Необходимо обратить внимание на то, что в этом ответе татары и бояре объединены в одно общее понятие, в один лагерь. Этот ответ ставит Владимира в безвыходное положение, так как бояре уже отказались ему помочь. При известии о наступлении Батыя Владимир созвал на пир-совещание своих князей, бояр и купцов, но они не в состоянии принять никакого решения и оставляют Владимира без помощи.
Василий Игнатьевич, несмотря на свое плачевное положение, выше, сильнее, храбрее и нравственнее, чем любой из трусливых и бессильных князей и бояр, думающих только о себе, но не умеющих спасти даже себя, не говоря уже о спасении города и страны.
Одна из особенностей этой былины, в отличие от былины об Илье и Калине, состоит в том, что татары угрожают не всему городу, а прежде всего боярам и князьям.
В записи из села Павлова (Нижегородский край) Батый грозится сварить всех князей-бояр в котле. Они идут к Василию как к своему спасителю, но не догадываются его угостить. Василий берет дверной брус и, помахивая им по крутым бедрам бояр, гонит их перед собой до княжеского дворца.
В конечном итоге, когда ему дают опохмелиться, возвращают ему оружие и коня, Василий Игнатьевич все же берется спасти Киев.
Есть варианты, в которых он просит Владимира дать ему испить из трех чар: из чары Ильи Муромца, потом — Добрыни и напоследок — Алеши. Этим он как бы объявляет себя преемником их. Он идет на защиту Киева, но не на защиту князей и бояр.
В летописном рассказе о набеге Тохтамыша на Москву бросаются в глаза два обстоятельства, сближающие летописный рассказ с былиной, чем подкрепляется достоверность как летописи, так и песен. Обострение враждебных отношений между простым московским людом и боярством в момент нашествия Тохтамыша достигло такой степени, что вылилось в открытое восстание. С приближением Тохтамыша в Москве поднялся «мятеж велик»: «Овии бежати хотяху, а инии в граде седети хотяху. И бывше межи их распре велице, и возсташа злии человеци друг на друга и сотвориша разбой и грабежь велий». Бежать из Москвы хотели преимущественно богатые. Население же не пускало их, их убивали, отнимали у них «имение» и «богатство». «Преобидели» даже самоё великую княгиню Евдокию, хотевшую выехать из Москвы. Утихомирил всех, организовав оборону и «укрепив град», некий князь Остей.[122]

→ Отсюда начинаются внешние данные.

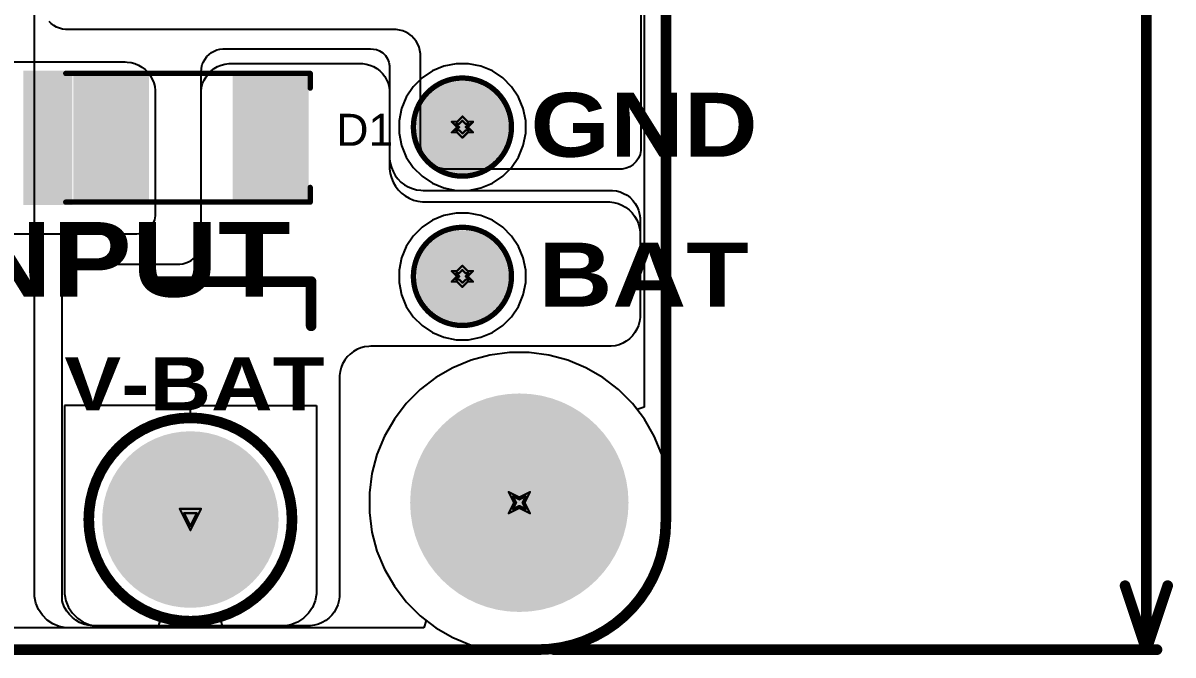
# Model space of a CAD drawing. Header units: inches. Extents: x -5 to 230, y -4 to 159.
# Drawn here: x 81.18 to 108.59, y -3.62 to 11.43 of the extents above; entities that cross this region are included whole.
import ezdxf

# ---------------------------------------------------------------- set-up
doc = ezdxf.new("R2010")
doc.units = ezdxf.units.IN
for name, color, linetype in [('Board Outline', 216, 'Continuous'), ('Bottom Layer', 5, 'Continuous'), ('Bottom Solder', 6, 'Continuous'), ('Dimension', 6, 'Continuous'), ('Drill Drawing', 1, 'Continuous'), ('Layer 1', 16, 'Continuous'), ('Layer 2', 76, 'Continuous'), ('Multi-Layer', 9, 'Continuous'), ('Pad Holes', 156, 'Continuous'), ('Top Layer', 1, 'Continuous'), ('Top Overlay', 2, 'Continuous'), ('Top Paste', 8, 'Continuous'), ('Top Solder', 216, 'Continuous')]:
    doc.layers.add(name, color=color, linetype=linetype)
doc.styles.add('Arial', font='', dxfattribs={"height": 0.2})
doc.styles.add('Arial Black_Bold', font='', dxfattribs={"height": 0.2})
doc.styles.get('Arial').set_extended_font_data('Arial')
doc.styles.get('Arial Black_Bold').set_extended_font_data('Arial Black', bold=True)

# ---------------------------------------------------------------- blocks, each defined once
blk = doc.blocks.new('0_5___T____P___36')
at = {"layer": 'Bottom Layer'}
h = blk.add_hatch(color=5, dxfattribs=at)
edge = h.paths.add_edge_path()
edge.add_arc((0, 0), 2, 0, 360)
at = {"layer": 'Bottom Solder'}
h = blk.add_hatch(color=6, dxfattribs=at)
edge = h.paths.add_edge_path()
edge.add_arc((0, 0), 2.102, 0, 360)
at = {"layer": 'Layer 1'}
h = blk.add_hatch(color=16, dxfattribs=at)
edge = h.paths.add_edge_path()
edge.add_arc((0, 0), 2, 0, 360)
at = {"layer": 'Layer 2'}
h = blk.add_hatch(color=76, dxfattribs=at)
edge = h.paths.add_edge_path()
edge.add_arc((0, 0), 2, 0, 360)
at = {"layer": 'Multi-Layer'}
h = blk.add_hatch(color=9, dxfattribs=at)
edge = h.paths.add_edge_path()
edge.add_arc((0, 0), 2, 0, 360)
at = {"layer": 'Pad Holes'}
h = blk.add_hatch(color=7, dxfattribs=at)
edge = h.paths.add_edge_path()
edge.add_arc((0, 0), 1, 0, 360)
at = {"layer": 'Top Layer'}
h = blk.add_hatch(color=1, dxfattribs=at)
edge = h.paths.add_edge_path()
edge.add_arc((0, 0), 2, 0, 360)
at = {"layer": 'Top Solder'}
h = blk.add_hatch(color=216, dxfattribs=at)
edge = h.paths.add_edge_path()
edge.add_arc((0, 0), 2.102, 0, 360)
blk = doc.blocks.new('5001_39')
at = {"layer": 'Bottom Layer'}
h = blk.add_hatch(color=5, dxfattribs=at)
edge = h.paths.add_edge_path()
edge.add_arc((0, 0), 1, 0, 360)
at = {"layer": 'Bottom Solder'}
h = blk.add_hatch(color=6, dxfattribs=at)
edge = h.paths.add_edge_path()
edge.add_arc((0, 0), 1.1016, 0, 360)
at = {"layer": 'Layer 1'}
h = blk.add_hatch(color=16, dxfattribs=at)
edge = h.paths.add_edge_path()
edge.add_arc((0, 0), 1, 0, 360)
at = {"layer": 'Layer 2'}
h = blk.add_hatch(color=76, dxfattribs=at)
edge = h.paths.add_edge_path()
edge.add_arc((0, 0), 1, 0, 360)
at = {"layer": 'Multi-Layer'}
h = blk.add_hatch(color=9, dxfattribs=at)
edge = h.paths.add_edge_path()
edge.add_arc((0, 0), 1, 0, 360)
at = {"layer": 'Pad Holes'}
h = blk.add_hatch(color=7, dxfattribs=at)
edge = h.paths.add_edge_path()
edge.add_arc((0, 0), 0.6, 0, 360)
at = {"layer": 'Top Layer'}
h = blk.add_hatch(color=1, dxfattribs=at)
edge = h.paths.add_edge_path()
edge.add_arc((0, 0), 1, 0, 360)
at = {"layer": 'Top Solder'}
h = blk.add_hatch(color=216, dxfattribs=at)
edge = h.paths.add_edge_path()
edge.add_arc((0, 0), 1.1016, 0, 360)
at = {"layer": 'Top Overlay'}
for points, const_width in [([(1.1684, 0, 1), (-1.1684, 0, 1)], 0.127), ([(-1.20015, 0, 1), (-1.13665, 0, 1)], 0.0635), ([(1.13665, 0, 1), (1.20015, 0, 1)], 0.0635)]:
    blk.add_lwpolyline(points, format="xyb", close=True, dxfattribs=dict(at, const_width=const_width))
blk = doc.blocks.new('5000_40')
at = {"layer": 'Bottom Layer'}
h = blk.add_hatch(color=5, dxfattribs=at)
edge = h.paths.add_edge_path()
edge.add_arc((0, 0), 1, 0, 360)
at = {"layer": 'Bottom Solder'}
h = blk.add_hatch(color=6, dxfattribs=at)
edge = h.paths.add_edge_path()
edge.add_arc((0, 0), 1.1016, 0, 360)
at = {"layer": 'Layer 1'}
h = blk.add_hatch(color=16, dxfattribs=at)
edge = h.paths.add_edge_path()
edge.add_arc((0, 0), 1, 0, 360)
at = {"layer": 'Layer 2'}
h = blk.add_hatch(color=76, dxfattribs=at)
edge = h.paths.add_edge_path()
edge.add_arc((0, 0), 1, 0, 360)
at = {"layer": 'Multi-Layer'}
h = blk.add_hatch(color=9, dxfattribs=at)
edge = h.paths.add_edge_path()
edge.add_arc((0, 0), 1, 0, 360)
at = {"layer": 'Pad Holes'}
h = blk.add_hatch(color=7, dxfattribs=at)
edge = h.paths.add_edge_path()
edge.add_arc((0, 0), 0.6, 0, 360)
at = {"layer": 'Top Layer'}
h = blk.add_hatch(color=1, dxfattribs=at)
edge = h.paths.add_edge_path()
edge.add_arc((0, 0), 1, 0, 360)
at = {"layer": 'Top Solder'}
h = blk.add_hatch(color=216, dxfattribs=at)
edge = h.paths.add_edge_path()
edge.add_arc((0, 0), 1.1016, 0, 360)
at = {"layer": 'Top Overlay'}
for points, const_width in [([(1.1684, 0, 1), (-1.1684, 0, 1)], 0.127), ([(-1.20015, 0, 1), (-1.13665, 0, 1)], 0.0635), ([(1.13665, 0, 1), (1.20015, 0, 1)], 0.0635)]:
    blk.add_lwpolyline(points, format="xyb", close=True, dxfattribs=dict(at, const_width=const_width))
blk = doc.blocks.new('SMA_DO_214AC__220')
at = {"layer": 'Top Layer'}
for points in [[(-2.7, 1.4), (-1.1, 1.4), (-1.1, -1.4), (-2.7, -1.4)], [(1.1, 1.4), (2.7, 1.4), (2.7, -1.4), (1.1, -1.4)]]:
    blk.add_hatch(color=1, dxfattribs=at).paths.add_polyline_path(points)
at = {"layer": 'Top Overlay'}
blk.add_hatch(color=2, dxfattribs=at).paths.add_polyline_path([(-3.992, -1.6), (-2.825, -1.6), (-2.825, 1.6), (-3.992, 1.6)])
at = {"layer": 'Top Paste'}
for points in [[(-2.7, 1.4), (-1.1, 1.4), (-1.1, -1.4), (-2.7, -1.4)], [(1.1, 1.4), (2.7, 1.4), (2.7, -1.4), (1.1, -1.4)]]:
    blk.add_hatch(color=8, dxfattribs=at).paths.add_polyline_path(points)
at = {"layer": 'Top Solder'}
for points in [[(-2.802, 1.502), (-0.998, 1.502), (-0.998, -1.502), (-2.802, -1.502)], [(0.998, 1.502), (2.802, 1.502), (2.802, -1.502), (0.998, -1.502)]]:
    blk.add_hatch(color=216, dxfattribs=at).paths.add_polyline_path(points)
at = {"layer": 'Top Overlay', "const_width": 0.127}
for points in [[(-2.983, 1.533), (2.842, 1.533)], [(2.842, 1.183), (2.842, 1.533)], [(2.842, -1.533), (2.842, -1.183)], [(-2.983, -1.533), (2.842, -1.533)]]:
    blk.add_lwpolyline(points, dxfattribs=at)
at = {"layer": 'Top Overlay', "const_width": 0.0635}
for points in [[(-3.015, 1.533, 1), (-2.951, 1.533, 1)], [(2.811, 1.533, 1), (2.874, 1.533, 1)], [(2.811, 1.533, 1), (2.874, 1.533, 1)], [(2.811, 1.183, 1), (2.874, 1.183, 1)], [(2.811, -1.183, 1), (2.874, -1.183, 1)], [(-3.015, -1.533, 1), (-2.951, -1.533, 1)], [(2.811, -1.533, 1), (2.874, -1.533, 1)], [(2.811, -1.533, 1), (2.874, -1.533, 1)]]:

Картина весьма сходна с той, какую можно наблюдать в былинах об Илье и Калине: народ требует обороны, богатые думают о личном спасении и обеспечении имущества. Народ разбивал погреба богачей и в пьяном виде грозил Тохтамышу и выражал ему свое презрение. Летопись повествует об этом так: «И изношаху ис погребов меды господскиа и упивахуся до пиана и шетающеся пьяни, глаголюще: не устрашимся нахожениа Татарьского, имеем бо град камень тверд и врата железна, и не терпят Татарове стояти под градом нашим долго, понеже имеют сугуб страх: извнутрь града от нас боятся, а отъвне града от князей наших устремлениа на них боятся; и се и сами тии Татарове вскоре убоятся и побежат в поле, в своя си».[123] Далее летопись сообщает о тех насмешках, с какими со стен города москвичи обращались к татарам. Все это показывает ту степень возбуждения, в какой находился народ. Сдавленные силы, как выражается Белинский, нашли себе выход. Народ взял судьбу города в свои руки. Василий Игнатьевич — один из многих, отчаянная голова, из толпы, не боящейся татар, так как чувство страха этим людям вообще неизвестно. В то время как богатые думали о спасении своего имущества, массы населения думали о сопротивлении и нисколько не сомневались в своем успехе.
Былина о Василии Игнатьевиче известна в двух редакциях. В одной из них главное содержание составляет борьба с Батыем, в другой — борьба с татарами служит только фоном, на котором развивается борьба с боярством.
В первой версии Василий Игнатьевич, опохмелившись и вернув себе свое вооружение, подымается на городскую стену и пускает в татарский стан три наговоренных стрелы: одной стрелой он убивает сына Батыя, другой — его зятя, а третьей — дьяка.
Акад. Орлов обратил внимание на то, что сходная деталь имеется в летописной повести о набеге Тохтамыша на Москву. В повести рассказывается о подвиге некоего гражданина московского ремесленника, суконщика Адама, который с Фроловых ворот (теперь Спасских) «пусти стрелу из самострела и уби некоего от князей Ордыыньских сына, нарочита и славна суща, и велику печаль сотвори Тахтымашу царю и всем князем его».[124]